I'm not particularly enamoured of the Java definitions but it simplifies the generator. Hmm, looking now I can use javap to get this info so maybe I can simplify this somewhat whilst performing additional verification checks at the same time.

The generator creates a couple of static anonymous structs and a descrption string, and as a bonus includes the required header files. There are also some #defines so I didn't have to change any of the code that uses them.
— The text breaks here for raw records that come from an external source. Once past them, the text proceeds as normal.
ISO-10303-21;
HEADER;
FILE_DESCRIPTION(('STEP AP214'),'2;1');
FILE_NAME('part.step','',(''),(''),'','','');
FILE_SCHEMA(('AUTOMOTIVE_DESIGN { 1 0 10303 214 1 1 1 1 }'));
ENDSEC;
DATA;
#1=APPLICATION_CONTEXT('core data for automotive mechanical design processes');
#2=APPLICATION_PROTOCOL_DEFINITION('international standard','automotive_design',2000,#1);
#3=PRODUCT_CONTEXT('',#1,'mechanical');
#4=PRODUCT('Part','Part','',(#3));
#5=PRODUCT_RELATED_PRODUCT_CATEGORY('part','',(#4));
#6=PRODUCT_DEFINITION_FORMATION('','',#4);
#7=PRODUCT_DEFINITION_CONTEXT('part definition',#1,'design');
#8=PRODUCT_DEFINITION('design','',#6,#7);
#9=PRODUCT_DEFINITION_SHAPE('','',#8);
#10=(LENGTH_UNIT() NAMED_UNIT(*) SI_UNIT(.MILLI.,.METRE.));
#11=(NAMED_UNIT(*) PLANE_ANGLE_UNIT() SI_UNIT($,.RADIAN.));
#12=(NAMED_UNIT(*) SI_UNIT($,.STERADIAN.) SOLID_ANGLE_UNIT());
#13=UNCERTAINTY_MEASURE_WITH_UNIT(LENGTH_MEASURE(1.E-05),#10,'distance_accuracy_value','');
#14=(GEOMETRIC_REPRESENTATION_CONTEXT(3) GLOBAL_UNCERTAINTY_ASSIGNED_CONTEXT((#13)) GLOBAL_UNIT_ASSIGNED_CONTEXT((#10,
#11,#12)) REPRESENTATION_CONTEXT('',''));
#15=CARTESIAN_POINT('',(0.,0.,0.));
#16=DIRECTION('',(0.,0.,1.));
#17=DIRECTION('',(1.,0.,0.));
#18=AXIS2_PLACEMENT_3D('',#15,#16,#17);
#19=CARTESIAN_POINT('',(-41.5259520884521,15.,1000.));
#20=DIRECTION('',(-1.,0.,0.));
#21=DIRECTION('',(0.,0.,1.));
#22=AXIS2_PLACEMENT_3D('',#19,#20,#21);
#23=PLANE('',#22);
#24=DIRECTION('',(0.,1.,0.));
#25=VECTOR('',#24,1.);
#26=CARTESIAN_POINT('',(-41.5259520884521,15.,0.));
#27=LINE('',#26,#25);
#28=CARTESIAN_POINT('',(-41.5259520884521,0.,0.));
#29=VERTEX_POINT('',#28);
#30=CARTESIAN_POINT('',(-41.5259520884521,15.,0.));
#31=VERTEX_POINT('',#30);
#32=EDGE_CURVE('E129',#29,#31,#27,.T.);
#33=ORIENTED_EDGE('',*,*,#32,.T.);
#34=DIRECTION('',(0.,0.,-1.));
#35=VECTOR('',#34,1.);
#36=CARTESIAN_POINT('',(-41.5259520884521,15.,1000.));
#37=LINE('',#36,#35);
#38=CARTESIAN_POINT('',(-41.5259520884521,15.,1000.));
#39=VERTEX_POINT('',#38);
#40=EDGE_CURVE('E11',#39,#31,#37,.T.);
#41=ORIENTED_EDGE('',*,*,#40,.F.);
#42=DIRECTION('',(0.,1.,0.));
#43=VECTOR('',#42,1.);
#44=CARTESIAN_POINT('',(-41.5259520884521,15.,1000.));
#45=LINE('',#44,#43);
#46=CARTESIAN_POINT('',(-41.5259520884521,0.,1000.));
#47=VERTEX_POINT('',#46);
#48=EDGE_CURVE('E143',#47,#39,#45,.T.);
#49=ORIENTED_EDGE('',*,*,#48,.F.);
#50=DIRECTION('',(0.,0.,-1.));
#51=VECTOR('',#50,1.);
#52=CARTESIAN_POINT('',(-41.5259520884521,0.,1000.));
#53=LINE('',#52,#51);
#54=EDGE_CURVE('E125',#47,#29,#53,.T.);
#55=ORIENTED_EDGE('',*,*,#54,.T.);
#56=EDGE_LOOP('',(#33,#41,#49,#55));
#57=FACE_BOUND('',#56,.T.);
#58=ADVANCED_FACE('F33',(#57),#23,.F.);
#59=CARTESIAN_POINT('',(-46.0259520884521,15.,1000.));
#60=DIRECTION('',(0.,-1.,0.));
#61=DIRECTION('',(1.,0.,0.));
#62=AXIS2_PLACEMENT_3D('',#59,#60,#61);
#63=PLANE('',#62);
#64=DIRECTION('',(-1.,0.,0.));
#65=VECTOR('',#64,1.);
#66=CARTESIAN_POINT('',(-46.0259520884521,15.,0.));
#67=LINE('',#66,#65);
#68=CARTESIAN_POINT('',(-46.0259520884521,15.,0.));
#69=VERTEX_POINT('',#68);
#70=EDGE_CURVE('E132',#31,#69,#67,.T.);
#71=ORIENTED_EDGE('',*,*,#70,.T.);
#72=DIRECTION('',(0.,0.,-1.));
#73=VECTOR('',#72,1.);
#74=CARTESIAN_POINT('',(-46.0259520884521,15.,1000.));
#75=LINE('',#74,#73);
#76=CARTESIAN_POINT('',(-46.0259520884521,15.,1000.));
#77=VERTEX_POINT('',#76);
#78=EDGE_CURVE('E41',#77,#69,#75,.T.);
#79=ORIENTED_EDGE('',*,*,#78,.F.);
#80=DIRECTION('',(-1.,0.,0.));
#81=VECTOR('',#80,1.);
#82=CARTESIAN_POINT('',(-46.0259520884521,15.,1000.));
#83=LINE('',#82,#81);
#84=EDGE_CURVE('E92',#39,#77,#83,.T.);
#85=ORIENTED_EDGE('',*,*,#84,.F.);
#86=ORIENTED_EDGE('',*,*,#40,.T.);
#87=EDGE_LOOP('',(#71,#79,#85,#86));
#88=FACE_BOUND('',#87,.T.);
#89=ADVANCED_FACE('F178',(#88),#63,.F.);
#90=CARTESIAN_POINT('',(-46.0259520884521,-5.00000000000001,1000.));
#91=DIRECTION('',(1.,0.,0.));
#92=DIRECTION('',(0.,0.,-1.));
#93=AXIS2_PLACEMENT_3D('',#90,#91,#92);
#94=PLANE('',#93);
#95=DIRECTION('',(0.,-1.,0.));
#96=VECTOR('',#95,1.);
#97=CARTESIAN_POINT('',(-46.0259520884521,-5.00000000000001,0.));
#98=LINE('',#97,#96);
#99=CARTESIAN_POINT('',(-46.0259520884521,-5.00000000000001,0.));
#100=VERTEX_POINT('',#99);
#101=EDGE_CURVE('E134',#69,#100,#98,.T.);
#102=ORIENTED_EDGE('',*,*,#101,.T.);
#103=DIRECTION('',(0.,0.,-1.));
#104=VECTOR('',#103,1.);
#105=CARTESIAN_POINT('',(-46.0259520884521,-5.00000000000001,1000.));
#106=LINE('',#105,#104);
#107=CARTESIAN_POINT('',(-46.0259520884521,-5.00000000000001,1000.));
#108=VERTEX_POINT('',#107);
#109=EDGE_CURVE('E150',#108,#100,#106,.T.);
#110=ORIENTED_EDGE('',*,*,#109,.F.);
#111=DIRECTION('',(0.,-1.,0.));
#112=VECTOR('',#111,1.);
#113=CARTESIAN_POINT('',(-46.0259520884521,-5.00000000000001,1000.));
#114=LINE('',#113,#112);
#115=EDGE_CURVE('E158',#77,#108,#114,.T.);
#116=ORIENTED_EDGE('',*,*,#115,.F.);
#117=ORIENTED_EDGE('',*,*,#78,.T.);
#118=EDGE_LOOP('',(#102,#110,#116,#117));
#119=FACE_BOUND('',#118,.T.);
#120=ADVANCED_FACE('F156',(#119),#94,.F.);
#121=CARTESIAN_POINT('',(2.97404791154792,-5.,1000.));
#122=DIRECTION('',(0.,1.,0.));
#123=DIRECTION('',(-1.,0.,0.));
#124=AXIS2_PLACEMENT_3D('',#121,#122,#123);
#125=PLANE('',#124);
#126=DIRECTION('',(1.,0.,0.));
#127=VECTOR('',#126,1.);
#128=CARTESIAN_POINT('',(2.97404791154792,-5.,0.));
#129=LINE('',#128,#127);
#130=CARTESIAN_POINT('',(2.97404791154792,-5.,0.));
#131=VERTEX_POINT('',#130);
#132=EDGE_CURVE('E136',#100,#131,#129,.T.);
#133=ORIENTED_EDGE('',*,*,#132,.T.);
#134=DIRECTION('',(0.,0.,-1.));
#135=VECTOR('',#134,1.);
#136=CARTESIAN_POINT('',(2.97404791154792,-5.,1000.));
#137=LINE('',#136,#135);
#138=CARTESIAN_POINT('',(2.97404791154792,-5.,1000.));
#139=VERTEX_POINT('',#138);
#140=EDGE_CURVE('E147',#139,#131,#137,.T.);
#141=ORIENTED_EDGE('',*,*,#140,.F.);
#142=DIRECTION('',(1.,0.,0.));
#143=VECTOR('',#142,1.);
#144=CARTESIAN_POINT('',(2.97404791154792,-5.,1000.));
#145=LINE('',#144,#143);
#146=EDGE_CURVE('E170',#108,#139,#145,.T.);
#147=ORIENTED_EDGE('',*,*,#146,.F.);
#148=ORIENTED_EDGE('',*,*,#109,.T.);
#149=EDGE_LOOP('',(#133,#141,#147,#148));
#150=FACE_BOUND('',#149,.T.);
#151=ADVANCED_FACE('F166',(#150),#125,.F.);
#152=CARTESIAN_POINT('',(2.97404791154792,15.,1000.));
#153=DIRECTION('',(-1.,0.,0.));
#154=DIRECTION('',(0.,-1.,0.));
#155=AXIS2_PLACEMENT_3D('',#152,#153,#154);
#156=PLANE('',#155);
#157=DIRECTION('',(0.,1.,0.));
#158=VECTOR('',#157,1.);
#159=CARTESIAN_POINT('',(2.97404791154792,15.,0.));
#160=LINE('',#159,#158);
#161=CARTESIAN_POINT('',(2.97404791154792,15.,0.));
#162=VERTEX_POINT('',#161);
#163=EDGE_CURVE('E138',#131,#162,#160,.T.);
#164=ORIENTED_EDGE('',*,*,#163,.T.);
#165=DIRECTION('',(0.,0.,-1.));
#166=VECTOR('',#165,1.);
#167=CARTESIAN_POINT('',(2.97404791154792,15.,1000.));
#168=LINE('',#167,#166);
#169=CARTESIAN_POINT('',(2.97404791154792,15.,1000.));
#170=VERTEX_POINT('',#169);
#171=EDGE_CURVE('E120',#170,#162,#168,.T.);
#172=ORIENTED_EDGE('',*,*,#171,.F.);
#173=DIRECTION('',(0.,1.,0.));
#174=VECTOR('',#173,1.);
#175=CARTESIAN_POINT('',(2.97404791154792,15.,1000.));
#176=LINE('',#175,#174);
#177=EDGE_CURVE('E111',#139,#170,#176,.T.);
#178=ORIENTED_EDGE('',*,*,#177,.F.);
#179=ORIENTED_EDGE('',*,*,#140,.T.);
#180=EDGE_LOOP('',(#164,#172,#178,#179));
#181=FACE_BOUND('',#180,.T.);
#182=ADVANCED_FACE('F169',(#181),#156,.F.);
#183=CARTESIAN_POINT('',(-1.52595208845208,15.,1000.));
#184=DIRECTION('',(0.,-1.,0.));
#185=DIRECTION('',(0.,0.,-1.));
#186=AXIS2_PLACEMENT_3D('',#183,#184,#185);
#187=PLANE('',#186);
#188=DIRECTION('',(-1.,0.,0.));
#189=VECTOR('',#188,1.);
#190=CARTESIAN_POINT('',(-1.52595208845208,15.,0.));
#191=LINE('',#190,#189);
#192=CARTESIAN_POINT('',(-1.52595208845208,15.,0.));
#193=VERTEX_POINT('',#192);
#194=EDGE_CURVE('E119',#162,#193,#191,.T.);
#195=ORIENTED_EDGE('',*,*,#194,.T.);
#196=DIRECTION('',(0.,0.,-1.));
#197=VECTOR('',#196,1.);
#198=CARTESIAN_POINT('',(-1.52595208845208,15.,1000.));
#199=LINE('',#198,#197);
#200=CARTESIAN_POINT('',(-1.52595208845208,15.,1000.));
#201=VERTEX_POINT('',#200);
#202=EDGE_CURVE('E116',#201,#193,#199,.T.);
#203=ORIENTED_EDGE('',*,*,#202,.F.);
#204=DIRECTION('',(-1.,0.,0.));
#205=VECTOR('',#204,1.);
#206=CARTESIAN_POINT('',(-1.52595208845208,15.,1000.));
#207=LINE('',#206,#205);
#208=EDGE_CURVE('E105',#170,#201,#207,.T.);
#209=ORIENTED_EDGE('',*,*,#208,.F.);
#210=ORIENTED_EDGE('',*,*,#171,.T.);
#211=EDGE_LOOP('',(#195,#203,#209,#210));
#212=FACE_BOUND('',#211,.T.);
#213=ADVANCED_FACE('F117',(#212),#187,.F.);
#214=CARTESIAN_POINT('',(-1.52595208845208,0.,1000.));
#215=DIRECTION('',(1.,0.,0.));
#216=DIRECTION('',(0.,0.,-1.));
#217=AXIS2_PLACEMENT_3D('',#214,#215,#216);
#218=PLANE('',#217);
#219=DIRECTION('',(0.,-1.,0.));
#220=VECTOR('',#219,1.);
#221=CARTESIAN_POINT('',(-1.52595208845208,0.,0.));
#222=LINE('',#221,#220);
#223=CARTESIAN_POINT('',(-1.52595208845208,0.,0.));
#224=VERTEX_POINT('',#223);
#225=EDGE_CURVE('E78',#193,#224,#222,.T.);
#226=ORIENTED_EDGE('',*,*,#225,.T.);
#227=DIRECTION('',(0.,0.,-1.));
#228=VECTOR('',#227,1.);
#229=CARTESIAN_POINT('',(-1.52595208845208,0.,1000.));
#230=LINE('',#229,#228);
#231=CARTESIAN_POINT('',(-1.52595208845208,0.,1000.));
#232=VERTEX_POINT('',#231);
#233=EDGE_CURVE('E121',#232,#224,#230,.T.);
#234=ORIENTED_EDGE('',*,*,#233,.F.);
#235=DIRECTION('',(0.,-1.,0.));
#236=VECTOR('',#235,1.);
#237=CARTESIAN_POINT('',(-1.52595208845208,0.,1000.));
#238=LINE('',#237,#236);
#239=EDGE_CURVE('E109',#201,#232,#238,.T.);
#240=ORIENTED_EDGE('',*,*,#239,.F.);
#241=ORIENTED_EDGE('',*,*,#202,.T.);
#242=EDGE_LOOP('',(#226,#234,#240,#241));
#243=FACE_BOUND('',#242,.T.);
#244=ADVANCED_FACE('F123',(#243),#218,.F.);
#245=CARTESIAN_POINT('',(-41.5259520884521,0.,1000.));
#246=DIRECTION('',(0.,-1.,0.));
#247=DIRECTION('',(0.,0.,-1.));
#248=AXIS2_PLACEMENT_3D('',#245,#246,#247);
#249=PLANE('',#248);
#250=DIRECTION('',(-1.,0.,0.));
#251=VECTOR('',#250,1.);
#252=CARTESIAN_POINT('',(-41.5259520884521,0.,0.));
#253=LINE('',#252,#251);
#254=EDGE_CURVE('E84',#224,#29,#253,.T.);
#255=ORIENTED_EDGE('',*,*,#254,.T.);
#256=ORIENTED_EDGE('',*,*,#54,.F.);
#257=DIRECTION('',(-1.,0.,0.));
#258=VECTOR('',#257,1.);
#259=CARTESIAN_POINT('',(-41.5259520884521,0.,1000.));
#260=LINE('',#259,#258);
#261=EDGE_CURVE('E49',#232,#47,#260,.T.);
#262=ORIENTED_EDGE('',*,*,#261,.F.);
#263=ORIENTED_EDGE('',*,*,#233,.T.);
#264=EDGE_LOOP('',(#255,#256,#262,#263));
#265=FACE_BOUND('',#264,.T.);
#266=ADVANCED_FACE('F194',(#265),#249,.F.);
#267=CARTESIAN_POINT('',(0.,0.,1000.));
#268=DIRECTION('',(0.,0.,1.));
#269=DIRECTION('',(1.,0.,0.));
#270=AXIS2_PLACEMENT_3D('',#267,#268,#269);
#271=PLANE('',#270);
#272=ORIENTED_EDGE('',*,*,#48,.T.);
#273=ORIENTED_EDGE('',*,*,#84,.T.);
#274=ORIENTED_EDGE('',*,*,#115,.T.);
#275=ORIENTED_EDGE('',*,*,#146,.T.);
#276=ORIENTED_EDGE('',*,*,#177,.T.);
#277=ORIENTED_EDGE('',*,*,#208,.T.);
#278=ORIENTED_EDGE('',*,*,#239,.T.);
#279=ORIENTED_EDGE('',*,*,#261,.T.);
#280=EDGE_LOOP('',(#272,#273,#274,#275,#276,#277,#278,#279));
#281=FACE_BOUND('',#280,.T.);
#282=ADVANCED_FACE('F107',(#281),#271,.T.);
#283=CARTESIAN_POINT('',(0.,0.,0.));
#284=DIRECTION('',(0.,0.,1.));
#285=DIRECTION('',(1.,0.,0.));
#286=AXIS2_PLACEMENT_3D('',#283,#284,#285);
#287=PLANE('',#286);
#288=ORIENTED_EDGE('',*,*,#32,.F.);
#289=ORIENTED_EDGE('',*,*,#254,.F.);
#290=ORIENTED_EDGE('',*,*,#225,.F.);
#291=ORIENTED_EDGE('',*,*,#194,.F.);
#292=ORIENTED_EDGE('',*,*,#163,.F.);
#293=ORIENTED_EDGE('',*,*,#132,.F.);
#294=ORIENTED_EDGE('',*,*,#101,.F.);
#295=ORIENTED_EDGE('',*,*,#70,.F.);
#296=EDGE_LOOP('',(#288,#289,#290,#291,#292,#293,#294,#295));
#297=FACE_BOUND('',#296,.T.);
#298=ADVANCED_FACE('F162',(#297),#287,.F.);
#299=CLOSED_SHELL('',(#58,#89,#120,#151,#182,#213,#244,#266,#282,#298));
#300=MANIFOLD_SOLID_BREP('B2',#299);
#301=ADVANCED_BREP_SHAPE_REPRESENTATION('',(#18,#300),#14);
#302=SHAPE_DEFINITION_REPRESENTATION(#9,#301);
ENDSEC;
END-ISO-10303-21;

/* This file was autogenerated on Monday 22 April  09:35:47 ACST 2019: */
/*  src/notzed.jjmpeg/jni/extract-proto.pl src/notzed.jjmpeg/jni/extract-proto.pl -f /opt/ffmpeg/4.0 src/notzed.jjmpeg/jni/jj-avoptions.def */
#include <libavutil/opt.h>
static struct functable {
        /* libavutil */
        void (*av_free)(void *ptr);
        void (*av_dict_free)(AVDictionary **m);
        int (*av_set_options_string)(void *ctx, const char *opts, const char *key_val_sep, const char *pairs_sep);
        int (*av_opt_serialize)(void *obj, int opt_flags, int flags, char **buffer, const char key_val_sep, const char pairs_sep);
        int (*av_opt_copy)(void *dest, const void *src);
        const AVOption *(*av_opt_next)(const void *obj, const AVOption *prev);
        const AVOption *(*av_opt_find)(void *obj, const char *name, const char *unit, int opt_flags, int search_flags);
        int (*av_opt_set)(void *obj, const char *name, const char *val, int search_flags);
        int (*av_opt_get)(void *obj, const char *name, int search_flags, uint8_t **out_val);
} fn;
static const char *fn_names =
        "#avutil\0"
        "av_free\0"
        "av_dict_free\0"
        "av_set_options_string\0"
        "av_opt_serialize\0"
        "av_opt_copy\0"
        "av_opt_next\0"
        "av_opt_find\0"
        "av_opt_set\0"
        "av_opt_get\0"
        ;
static struct {
        // au/notzed/jjmpeg/AVOptions$AVOption
        jclass AVOption_classid;
        jmethodID AVOption_new_jlliil;
        jfieldID AVOption_p;
} java;
#define AVOption_classid java.AVOption_classid
#define AVOption_new_jlliil java.AVOption_new_jlliil
#define AVOption_p java.AVOption_p
static const char *java_names =
        "#au/notzed/jjmpeg/AVOptions$AVOption\0"
        ".<init>\0(JLjava/lang/String;Ljava/lang/String;IILjava/lang/String;)V\0"
        ",p\0J\0"
        ;

Rather than have a single global table I have one per file (roughly on per class). This leads to a small amount of duplication but keeps everything simple and isolated and also aids incremental compilation. By having each table static to the compilation unit also allows the optimiser to remove any address calculation - it just goes to the linker via the .bss section.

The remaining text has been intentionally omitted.